With an intact scenario confined to two players, the 70-minute drama unfolds with the rhythm and logic of a poem. We meet two men who have set sail in a fragile boat. One (Shaun Goss) seems eager to cast further adrift, while the other (Luke Mulquiney) is wary of his companion’s almost threatening melancholy, and the way he keeps nudging their vessel away from the safety of the shoreline.

The characters are never named (the program lists them as ‘The One’ and ‘The Other’), nor is their location defined. What becomes the focus instead is the uneasy relationship between the two as they chart their voyage, riding the extended metaphor of the ocean as a nihilistic abyss, into which ‘The One’ cannot help but peer.

In Zoë Rouse’s echoing set design, concrete stands in for water. A single rope snakes along the ground and outlines the edge of the sailors’ boat, at once tethering the men to land as well as illustrating the flimsy line separating them from nothingness.

This clever design supplies some dramatic stage pictures, such as when ‘The One’ goads ‘The Other’, early in the piece, to stand at the boat’s stern, teetering on the unsteady line, unaware of his fellow sailor’s ultimate endgame.

The language (this English version by Simon Stephens premiered at London’s Young Vic theatre in 2011) is dense: it illustrates only the hermetic world of these characters as they exist right at this moment, rarely gesturing to any external context.

Fosse is one of Europe’s most performed dramatists and yet he remains a comparatively obscure figure on English-speaking stages.
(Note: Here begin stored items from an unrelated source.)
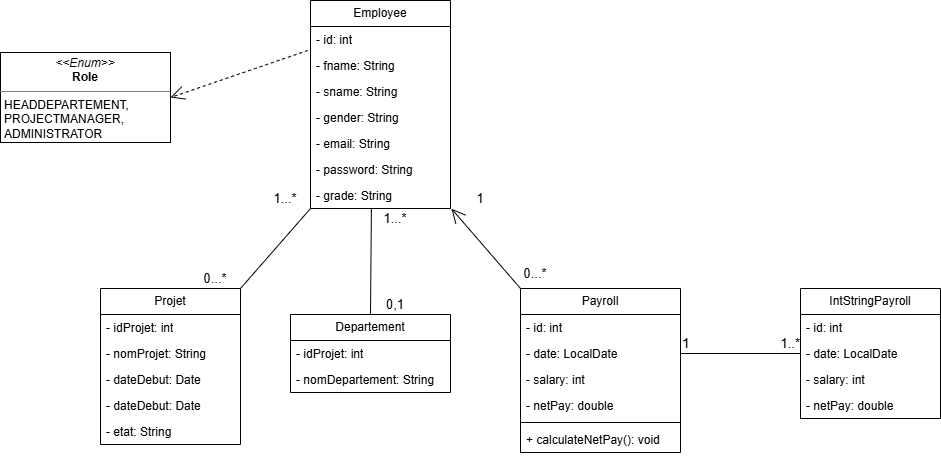

The diagram above was exported from draw.io. Its source (the exported page's mxGraphModel, read from the mxfile embedded in the PNG):
<mxGraphModel dx="1892" dy="1764" grid="1" gridSize="10" guides="1" tooltips="1" connect="1" arrows="1" fold="1" page="1" pageScale="1" pageWidth="850" pageHeight="1100" math="0" shadow="0">
  <root>
    <mxCell id="0" />
    <mxCell id="1" parent="0" />
    <mxCell id="8hbsHZcuAV-aj0mG_bMQ-1" parent="1" style="swimlane;fontStyle=0;childLayout=stackLayout;horizontal=1;startSize=26;fillColor=none;horizontalStack=0;resizeParent=1;resizeParentMax=0;resizeLast=0;collapsible=1;marginBottom=0;whiteSpace=wrap;html=1;" value="Projet" vertex="1">
      <mxGeometry height="156" width="140" x="-10" y="90" as="geometry" />
    </mxCell>
    <mxCell id="8hbsHZcuAV-aj0mG_bMQ-2" parent="8hbsHZcuAV-aj0mG_bMQ-1" style="text;strokeColor=none;fillColor=none;align=left;verticalAlign=top;spacingLeft=4;spacingRight=4;overflow=hidden;rotatable=0;points=[[0,0.5],[1,0.5]];portConstraint=eastwest;whiteSpace=wrap;html=1;" value="- idProjet: int" vertex="1">
      <mxGeometry height="26" width="140" y="26" as="geometry" />
    </mxCell>
    <mxCell id="8hbsHZcuAV-aj0mG_bMQ-3" parent="8hbsHZcuAV-aj0mG_bMQ-1" style="text;strokeColor=none;fillColor=none;align=left;verticalAlign=top;spacingLeft=4;spacingRight=4;overflow=hidden;rotatable=0;points=[[0,0.5],[1,0.5]];portConstraint=eastwest;whiteSpace=wrap;html=1;" value="- nomProjet: String" vertex="1">
      <mxGeometry height="26" width="140" y="52" as="geometry" />
    </mxCell>
    <mxCell id="8hbsHZcuAV-aj0mG_bMQ-4" parent="8hbsHZcuAV-aj0mG_bMQ-1" style="text;strokeColor=none;fillColor=none;align=left;verticalAlign=top;spacingLeft=4;spacingRight=4;overflow=hidden;rotatable=0;points=[[0,0.5],[1,0.5]];portConstraint=eastwest;whiteSpace=wrap;html=1;" value="- dateDebut: Date" vertex="1">
      <mxGeometry height="26" width="140" y="78" as="geometry" />
    </mxCell>
    <mxCell id="8hbsHZcuAV-aj0mG_bMQ-17" parent="8hbsHZcuAV-aj0mG_bMQ-1" style="text;strokeColor=none;fillColor=none;align=left;verticalAlign=top;spacingLeft=4;spacingRight=4;overflow=hidden;rotatable=0;points=[[0,0.5],[1,0.5]];portConstraint=eastwest;whiteSpace=wrap;html=1;" value="- dateDebut: Date" vertex="1">
      <mxGeometry height="26" width="140" y="104" as="geometry" />
    </mxCell>
    <mxCell id="8hbsHZcuAV-aj0mG_bMQ-18" parent="8hbsHZcuAV-aj0mG_bMQ-1" style="text;strokeColor=none;fillColor=none;align=left;verticalAlign=top;spacingLeft=4;spacingRight=4;overflow=hidden;rotatable=0;points=[[0,0.5],[1,0.5]];portConstraint=eastwest;whiteSpace=wrap;html=1;" value="- etat: String" vertex="1">
      <mxGeometry height="26" width="140" y="130" as="geometry" />
    </mxCell>
    <mxCell id="8hbsHZcuAV-aj0mG_bMQ-5" parent="1" style="swimlane;fontStyle=0;childLayout=stackLayout;horizontal=1;startSize=26;fillColor=none;horizontalStack=0;resizeParent=1;resizeParentMax=0;resizeLast=0;collapsible=1;marginBottom=0;whiteSpace=wrap;html=1;" value="Payroll" vertex="1">
      <mxGeometry height="164" width="160" x="410" y="90" as="geometry">
        <mxRectangle height="30" width="80" x="430" y="90" as="alternateBounds" />
      </mxGeometry>
    </mxCell>
    <mxCell id="8hbsHZcuAV-aj0mG_bMQ-6" parent="8hbsHZcuAV-aj0mG_bMQ-5" style="text;strokeColor=none;fillColor=none;align=left;verticalAlign=top;spacingLeft=4;spacingRight=4;overflow=hidden;rotatable=0;points=[[0,0.5],[1,0.5]];portConstraint=eastwest;whiteSpace=wrap;html=1;" value="- id: int" vertex="1">
      <mxGeometry height="26" width="160" y="26" as="geometry" />
    </mxCell>
    <mxCell id="8hbsHZcuAV-aj0mG_bMQ-8" parent="8hbsHZcuAV-aj0mG_bMQ-5" style="text;strokeColor=none;fillColor=none;align=left;verticalAlign=top;spacingLeft=4;spacingRight=4;overflow=hidden;rotatable=0;points=[[0,0.5],[1,0.5]];portConstraint=eastwest;whiteSpace=wrap;html=1;" value="- date: LocalDate" vertex="1">
      <mxGeometry height="26" width="160" y="52" as="geometry" />
    </mxCell>
    <mxCell id="8hbsHZcuAV-aj0mG_bMQ-25" parent="8hbsHZcuAV-aj0mG_bMQ-5" style="text;strokeColor=none;fillColor=none;align=left;verticalAlign=top;spacingLeft=4;spacingRight=4;overflow=hidden;rotatable=0;points=[[0,0.5],[1,0.5]];portConstraint=eastwest;whiteSpace=wrap;html=1;" value="- salary: int" vertex="1">
      <mxGeometry height="26" width="160" y="78" as="geometry" />
    </mxCell>
    <mxCell id="8hbsHZcuAV-aj0mG_bMQ-26" parent="8hbsHZcuAV-aj0mG_bMQ-5" style="text;strokeColor=none;fillColor=none;align=left;verticalAlign=top;spacingLeft=4;spacingRight=4;overflow=hidden;rotatable=0;points=[[0,0.5],[1,0.5]];portConstraint=eastwest;whiteSpace=wrap;html=1;" value="- netPay: double" vertex="1">
      <mxGeometry height="26" width="160" y="104" as="geometry" />
    </mxCell>
    <mxCell id="8hbsHZcuAV-aj0mG_bMQ-44" parent="8hbsHZcuAV-aj0mG_bMQ-5" style="line;strokeWidth=1;fillColor=none;align=left;verticalAlign=middle;spacingTop=-1;spacingLeft=3;spacingRight=3;rotatable=0;labelPosition=right;points=[];portConstraint=eastwest;strokeColor=inherit;" value="" vertex="1">
      <mxGeometry height="8" width="160" y="130" as="geometry" />
    </mxCell>
    <mxCell id="8hbsHZcuAV-aj0mG_bMQ-45" parent="8hbsHZcuAV-aj0mG_bMQ-5" style="text;strokeColor=none;fillColor=none;align=left;verticalAlign=top;spacingLeft=4;spacingRight=4;overflow=hidden;rotatable=0;points=[[0,0.5],[1,0.5]];portConstraint=eastwest;whiteSpace=wrap;html=1;" value="+ calculateNetPay(): void" vertex="1">
      <mxGeometry height="26" width="160" y="138" as="geometry" />
    </mxCell>
    <mxCell id="8hbsHZcuAV-aj0mG_bMQ-13" parent="1" style="swimlane;fontStyle=0;childLayout=stackLayout;horizontal=1;startSize=26;fillColor=none;horizontalStack=0;resizeParent=1;resizeParentMax=0;resizeLast=0;collapsible=1;marginBottom=0;whiteSpace=wrap;html=1;" value="Employee" vertex="1">
      <mxGeometry height="208" width="140" x="200" y="-198" as="geometry" />
    </mxCell>
    <mxCell id="8hbsHZcuAV-aj0mG_bMQ-14" parent="8hbsHZcuAV-aj0mG_bMQ-13" style="text;strokeColor=none;fillColor=none;align=left;verticalAlign=top;spacingLeft=4;spacingRight=4;overflow=hidden;rotatable=0;points=[[0,0.5],[1,0.5]];portConstraint=eastwest;whiteSpace=wrap;html=1;" value="- id: int" vertex="1">
      <mxGeometry height="26" width="140" y="26" as="geometry" />
    </mxCell>
    <mxCell id="8hbsHZcuAV-aj0mG_bMQ-15" parent="8hbsHZcuAV-aj0mG_bMQ-13" style="text;strokeColor=none;fillColor=none;align=left;verticalAlign=top;spacingLeft=4;spacingRight=4;overflow=hidden;rotatable=0;points=[[0,0.5],[1,0.5]];portConstraint=eastwest;whiteSpace=wrap;html=1;" value="- fname: String" vertex="1">
      <mxGeometry height="26" width="140" y="52" as="geometry" />
    </mxCell>
    <mxCell id="8hbsHZcuAV-aj0mG_bMQ-16" parent="8hbsHZcuAV-aj0mG_bMQ-13" style="text;strokeColor=none;fillColor=none;align=left;verticalAlign=top;spacingLeft=4;spacingRight=4;overflow=hidden;rotatable=0;points=[[0,0.5],[1,0.5]];portConstraint=eastwest;whiteSpace=wrap;html=1;" value="- sname: String" vertex="1">
      <mxGeometry height="26" width="140" y="78" as="geometry" />
    </mxCell>
    <mxCell id="8hbsHZcuAV-aj0mG_bMQ-56" parent="8hbsHZcuAV-aj0mG_bMQ-13" style="text;strokeColor=none;fillColor=none;align=left;verticalAlign=top;spacingLeft=4;spacingRight=4;overflow=hidden;rotatable=0;points=[[0,0.5],[1,0.5]];portConstraint=eastwest;whiteSpace=wrap;html=1;" value="- gender: String" vertex="1">
      <mxGeometry height="26" width="140" y="104" as="geometry" />
    </mxCell>
    <mxCell id="8hbsHZcuAV-aj0mG_bMQ-57" parent="8hbsHZcuAV-aj0mG_bMQ-13" style="text;strokeColor=none;fillColor=none;align=left;verticalAlign=top;spacingLeft=4;spacingRight=4;overflow=hidden;rotatable=0;points=[[0,0.5],[1,0.5]];portConstraint=eastwest;whiteSpace=wrap;html=1;" value="- email: String" vertex="1">
      <mxGeometry height="26" width="140" y="130" as="geometry" />
    </mxCell>
    <mxCell id="8hbsHZcuAV-aj0mG_bMQ-58" parent="8hbsHZcuAV-aj0mG_bMQ-13" style="text;strokeColor=none;fillColor=none;align=left;verticalAlign=top;spacingLeft=4;spacingRight=4;overflow=hidden;rotatable=0;points=[[0,0.5],[1,0.5]];portConstraint=eastwest;whiteSpace=wrap;html=1;" value="- password: String" vertex="1">
      <mxGeometry height="26" width="140" y="156" as="geometry" />
    </mxCell>
    <mxCell id="8hbsHZcuAV-aj0mG_bMQ-59" parent="8hbsHZcuAV-aj0mG_bMQ-13" style="text;strokeColor=none;fillColor=none;align=left;verticalAlign=top;spacingLeft=4;spacingRight=4;overflow=hidden;rotatable=0;points=[[0,0.5],[1,0.5]];portConstraint=eastwest;whiteSpace=wrap;html=1;" value="- grade: String" vertex="1">
      <mxGeometry height="26" width="140" y="182" as="geometry" />
    </mxCell>
    <mxCell id="8hbsHZcuAV-aj0mG_bMQ-24" parent="1" style="verticalAlign=top;align=left;overflow=fill;html=1;whiteSpace=wrap;" value="&lt;p style=&quot;margin:0px;margin-top:4px;text-align:center;&quot;&gt;&lt;i&gt;&amp;lt;&amp;lt;Enum&amp;gt;&amp;gt;&lt;/i&gt;&lt;br&gt;&lt;b&gt;Role&lt;/b&gt;&lt;/p&gt;&lt;hr size=&quot;1&quot; style=&quot;border-style:solid;&quot;&gt;&lt;p style=&quot;margin:0px;margin-left:4px;&quot;&gt;HEADDEPARTEMENT,&lt;/p&gt;&lt;p style=&quot;margin:0px;margin-left:4px;&quot;&gt;PROJECTMANAGER,&lt;/p&gt;&lt;p style=&quot;margin:0px;margin-left:4px;&quot;&gt;ADMINISTRATOR&lt;/p&gt;" vertex="1">
      <mxGeometry height="90" width="170" x="-110" y="-146" as="geometry" />
    </mxCell>
    <mxCell id="8hbsHZcuAV-aj0mG_bMQ-27" edge="1" parent="1" source="8hbsHZcuAV-aj0mG_bMQ-5" style="endArrow=open;endFill=1;endSize=12;html=1;rounded=0;fontSize=12;curved=1;exitX=0;exitY=0;exitDx=0;exitDy=0;entryX=1.007;entryY=1.008;entryDx=0;entryDy=0;entryPerimeter=0;" target="8hbsHZcuAV-aj0mG_bMQ-59" value="">
      <mxGeometry relative="1" width="160" as="geometry">
        <mxPoint x="280" y="90" as="sourcePoint" />
        <mxPoint x="370" y="100" as="targetPoint" />
      </mxGeometry>
    </mxCell>
    <mxCell id="8hbsHZcuAV-aj0mG_bMQ-28" parent="1" style="text;html=1;whiteSpace=wrap;strokeColor=none;fillColor=none;align=center;verticalAlign=middle;rounded=0;fontSize=13;" value="0...*" vertex="1">
      <mxGeometry height="30" width="60" x="395" y="60" as="geometry" />
    </mxCell>
    <mxCell id="8hbsHZcuAV-aj0mG_bMQ-29" parent="1" style="text;html=1;whiteSpace=wrap;strokeColor=none;fillColor=none;align=center;verticalAlign=middle;rounded=0;fontSize=13;" value="1" vertex="1">
      <mxGeometry height="20" width="50" x="345" y="-10" as="geometry" />
    </mxCell>
    <mxCell id="8hbsHZcuAV-aj0mG_bMQ-30" parent="1" style="swimlane;fontStyle=0;childLayout=stackLayout;horizontal=1;startSize=26;fillColor=none;horizontalStack=0;resizeParent=1;resizeParentMax=0;resizeLast=0;collapsible=1;marginBottom=0;whiteSpace=wrap;html=1;" value="IntStringPayroll" vertex="1">
      <mxGeometry height="130" width="140" x="690" y="90" as="geometry">
        <mxRectangle height="30" width="80" x="430" y="90" as="alternateBounds" />
      </mxGeometry>
    </mxCell>
    <mxCell id="8hbsHZcuAV-aj0mG_bMQ-31" parent="8hbsHZcuAV-aj0mG_bMQ-30" style="text;strokeColor=none;fillColor=none;align=left;verticalAlign=top;spacingLeft=4;spacingRight=4;overflow=hidden;rotatable=0;points=[[0,0.5],[1,0.5]];portConstraint=eastwest;whiteSpace=wrap;html=1;" value="- id: int" vertex="1">
      <mxGeometry height="26" width="140" y="26" as="geometry" />
    </mxCell>
    <mxCell id="8hbsHZcuAV-aj0mG_bMQ-32" parent="8hbsHZcuAV-aj0mG_bMQ-30" style="text;strokeColor=none;fillColor=none;align=left;verticalAlign=top;spacingLeft=4;spacingRight=4;overflow=hidden;rotatable=0;points=[[0,0.5],[1,0.5]];portConstraint=eastwest;whiteSpace=wrap;html=1;" value="- date: LocalDate" vertex="1">
      <mxGeometry height="26" width="140" y="52" as="geometry" />
    </mxCell>
    <mxCell id="8hbsHZcuAV-aj0mG_bMQ-33" parent="8hbsHZcuAV-aj0mG_bMQ-30" style="text;strokeColor=none;fillColor=none;align=left;verticalAlign=top;spacingLeft=4;spacingRight=4;overflow=hidden;rotatable=0;points=[[0,0.5],[1,0.5]];portConstraint=eastwest;whiteSpace=wrap;html=1;" value="- salary: int" vertex="1">
      <mxGeometry height="26" width="140" y="78" as="geometry" />
    </mxCell>
    <mxCell id="8hbsHZcuAV-aj0mG_bMQ-34" parent="8hbsHZcuAV-aj0mG_bMQ-30" style="text;strokeColor=none;fillColor=none;align=left;verticalAlign=top;spacingLeft=4;spacingRight=4;overflow=hidden;rotatable=0;points=[[0,0.5],[1,0.5]];portConstraint=eastwest;whiteSpace=wrap;html=1;" value="- netPay: double" vertex="1">
      <mxGeometry height="26" width="140" y="104" as="geometry" />
    </mxCell>
    <mxCell id="8hbsHZcuAV-aj0mG_bMQ-36" edge="1" parent="1" source="8hbsHZcuAV-aj0mG_bMQ-8" style="endArrow=none;html=1;edgeStyle=orthogonalEdgeStyle;rounded=0;fontSize=12;startSize=8;endSize=8;curved=1;exitX=1;exitY=0.5;exitDx=0;exitDy=0;entryX=0;entryY=0.5;entryDx=0;entryDy=0;" target="8hbsHZcuAV-aj0mG_bMQ-32" value="">
      <mxGeometry relative="1" as="geometry">
        <mxPoint x="600" y="90" as="sourcePoint" />
        <mxPoint x="760" y="90" as="targetPoint" />
      </mxGeometry>
    </mxCell>
    <mxCell id="8hbsHZcuAV-aj0mG_bMQ-37" connectable="0" parent="8hbsHZcuAV-aj0mG_bMQ-36" style="edgeLabel;resizable=0;html=1;align=left;verticalAlign=bottom;fontSize=14;" value="1" vertex="1">
      <mxGeometry relative="1" x="-1" as="geometry" />
    </mxCell>
    <mxCell id="8hbsHZcuAV-aj0mG_bMQ-38" connectable="0" parent="8hbsHZcuAV-aj0mG_bMQ-36" style="edgeLabel;resizable=0;html=1;align=right;verticalAlign=bottom;fontSize=13;" value="1..*" vertex="1">
      <mxGeometry relative="1" x="1" as="geometry" />
    </mxCell>
    <mxCell id="8hbsHZcuAV-aj0mG_bMQ-40" edge="1" parent="1" source="8hbsHZcuAV-aj0mG_bMQ-15" style="endArrow=open;endSize=12;dashed=1;html=1;rounded=0;fontSize=12;curved=1;entryX=1;entryY=0.5;entryDx=0;entryDy=0;exitX=-0.02;exitY=-0.077;exitDx=0;exitDy=0;exitPerimeter=0;" target="8hbsHZcuAV-aj0mG_bMQ-24" value="">
      <mxGeometry relative="1" width="160" as="geometry">
        <mxPoint x="70" y="90" as="sourcePoint" />
        <mxPoint x="230" y="90" as="targetPoint" />
      </mxGeometry>
    </mxCell>
    <mxCell id="8hbsHZcuAV-aj0mG_bMQ-46" parent="1" style="swimlane;fontStyle=0;childLayout=stackLayout;horizontal=1;startSize=26;fillColor=none;horizontalStack=0;resizeParent=1;resizeParentMax=0;resizeLast=0;collapsible=1;marginBottom=0;whiteSpace=wrap;html=1;" value="&lt;span style=&quot;text-align: left;&quot;&gt;Departement&lt;/span&gt;" vertex="1">
      <mxGeometry height="78" width="160" x="180" y="116" as="geometry" />
    </mxCell>
    <mxCell id="8hbsHZcuAV-aj0mG_bMQ-47" parent="8hbsHZcuAV-aj0mG_bMQ-46" style="text;strokeColor=none;fillColor=none;align=left;verticalAlign=top;spacingLeft=4;spacingRight=4;overflow=hidden;rotatable=0;points=[[0,0.5],[1,0.5]];portConstraint=eastwest;whiteSpace=wrap;html=1;" value="- idProjet: int" vertex="1">
      <mxGeometry height="26" width="160" y="26" as="geometry" />
    </mxCell>
    <mxCell id="8hbsHZcuAV-aj0mG_bMQ-48" parent="8hbsHZcuAV-aj0mG_bMQ-46" style="text;strokeColor=none;fillColor=none;align=left;verticalAlign=top;spacingLeft=4;spacingRight=4;overflow=hidden;rotatable=0;points=[[0,0.5],[1,0.5]];portConstraint=eastwest;whiteSpace=wrap;html=1;" value="- nomDepartement: String" vertex="1">
      <mxGeometry height="26" width="160" y="52" as="geometry" />
    </mxCell>
    <mxCell id="8hbsHZcuAV-aj0mG_bMQ-60" edge="1" parent="1" source="8hbsHZcuAV-aj0mG_bMQ-59" style="endArrow=none;html=1;edgeStyle=orthogonalEdgeStyle;rounded=0;fontSize=12;startSize=8;endSize=8;curved=0;entryX=0.5;entryY=0;entryDx=0;entryDy=0;exitX=0.435;exitY=1.136;exitDx=0;exitDy=0;exitPerimeter=0;" target="8hbsHZcuAV-aj0mG_bMQ-46" value="">
      <mxGeometry relative="1" as="geometry">
        <Array as="points">
          <mxPoint x="260" y="11" />
        </Array>
        <mxPoint x="350" y="130" as="sourcePoint" />
        <mxPoint x="510" y="130" as="targetPoint" />
      </mxGeometry>
    </mxCell>
    <mxCell id="8hbsHZcuAV-aj0mG_bMQ-65" parent="1" style="text;html=1;whiteSpace=wrap;strokeColor=none;fillColor=none;align=center;verticalAlign=middle;rounded=0;fontSize=13;" value="0,1" vertex="1">
      <mxGeometry height="20" width="50" x="260" y="96" as="geometry" />
    </mxCell>
    <mxCell id="8hbsHZcuAV-aj0mG_bMQ-66" parent="1" style="text;html=1;whiteSpace=wrap;strokeColor=none;fillColor=none;align=center;verticalAlign=middle;rounded=0;fontSize=13;" value="1...*" vertex="1">
      <mxGeometry height="20" width="50" x="260" y="10" as="geometry" />
    </mxCell>
    <mxCell id="8hbsHZcuAV-aj0mG_bMQ-67" parent="1" style="text;html=1;whiteSpace=wrap;strokeColor=none;fillColor=none;align=center;verticalAlign=middle;rounded=0;fontSize=13;" value="0...*" vertex="1">
      <mxGeometry height="20" width="50" x="80" y="70" as="geometry" />
    </mxCell>
    <mxCell id="8hbsHZcuAV-aj0mG_bMQ-68" parent="1" style="text;html=1;whiteSpace=wrap;strokeColor=none;fillColor=none;align=center;verticalAlign=middle;rounded=0;fontSize=13;" value="1...*" vertex="1">
      <mxGeometry height="20" width="50" x="150" y="-10" as="geometry" />
    </mxCell>
    <mxCell id="U0CKV3xvUR7yCocU1foN-2" edge="1" parent="1" source="8hbsHZcuAV-aj0mG_bMQ-68" style="endArrow=none;html=1;rounded=0;fontSize=12;startSize=8;endSize=8;entryX=1;entryY=1;entryDx=0;entryDy=0;exitX=1;exitY=1;exitDx=0;exitDy=0;" target="8hbsHZcuAV-aj0mG_bMQ-67" value="">
      <mxGeometry relative="1" as="geometry">
        <mxPoint x="211" y="33" as="sourcePoint" />
        <mxPoint x="210" y="135" as="targetPoint" />
      </mxGeometry>
    </mxCell>
  </root>
</mxGraphModel>

The British press, for example, has often derided his seemingly impenetrable text. It is fair to say that Fosse’s non-realist style is not common in English-speaking drama, but it doesn’t seem fair to criticise his writing on the same criteria as one would, say, a realist play.

Fans of Fosse will be keen to see his rarely-performed-here work as it is interpreted by young Australian theatremakers; for others, the production is a worthy introduction to Fosse’s unique style.

I am the Wind is playing at Collingwood Underground Arts Park, until December 1.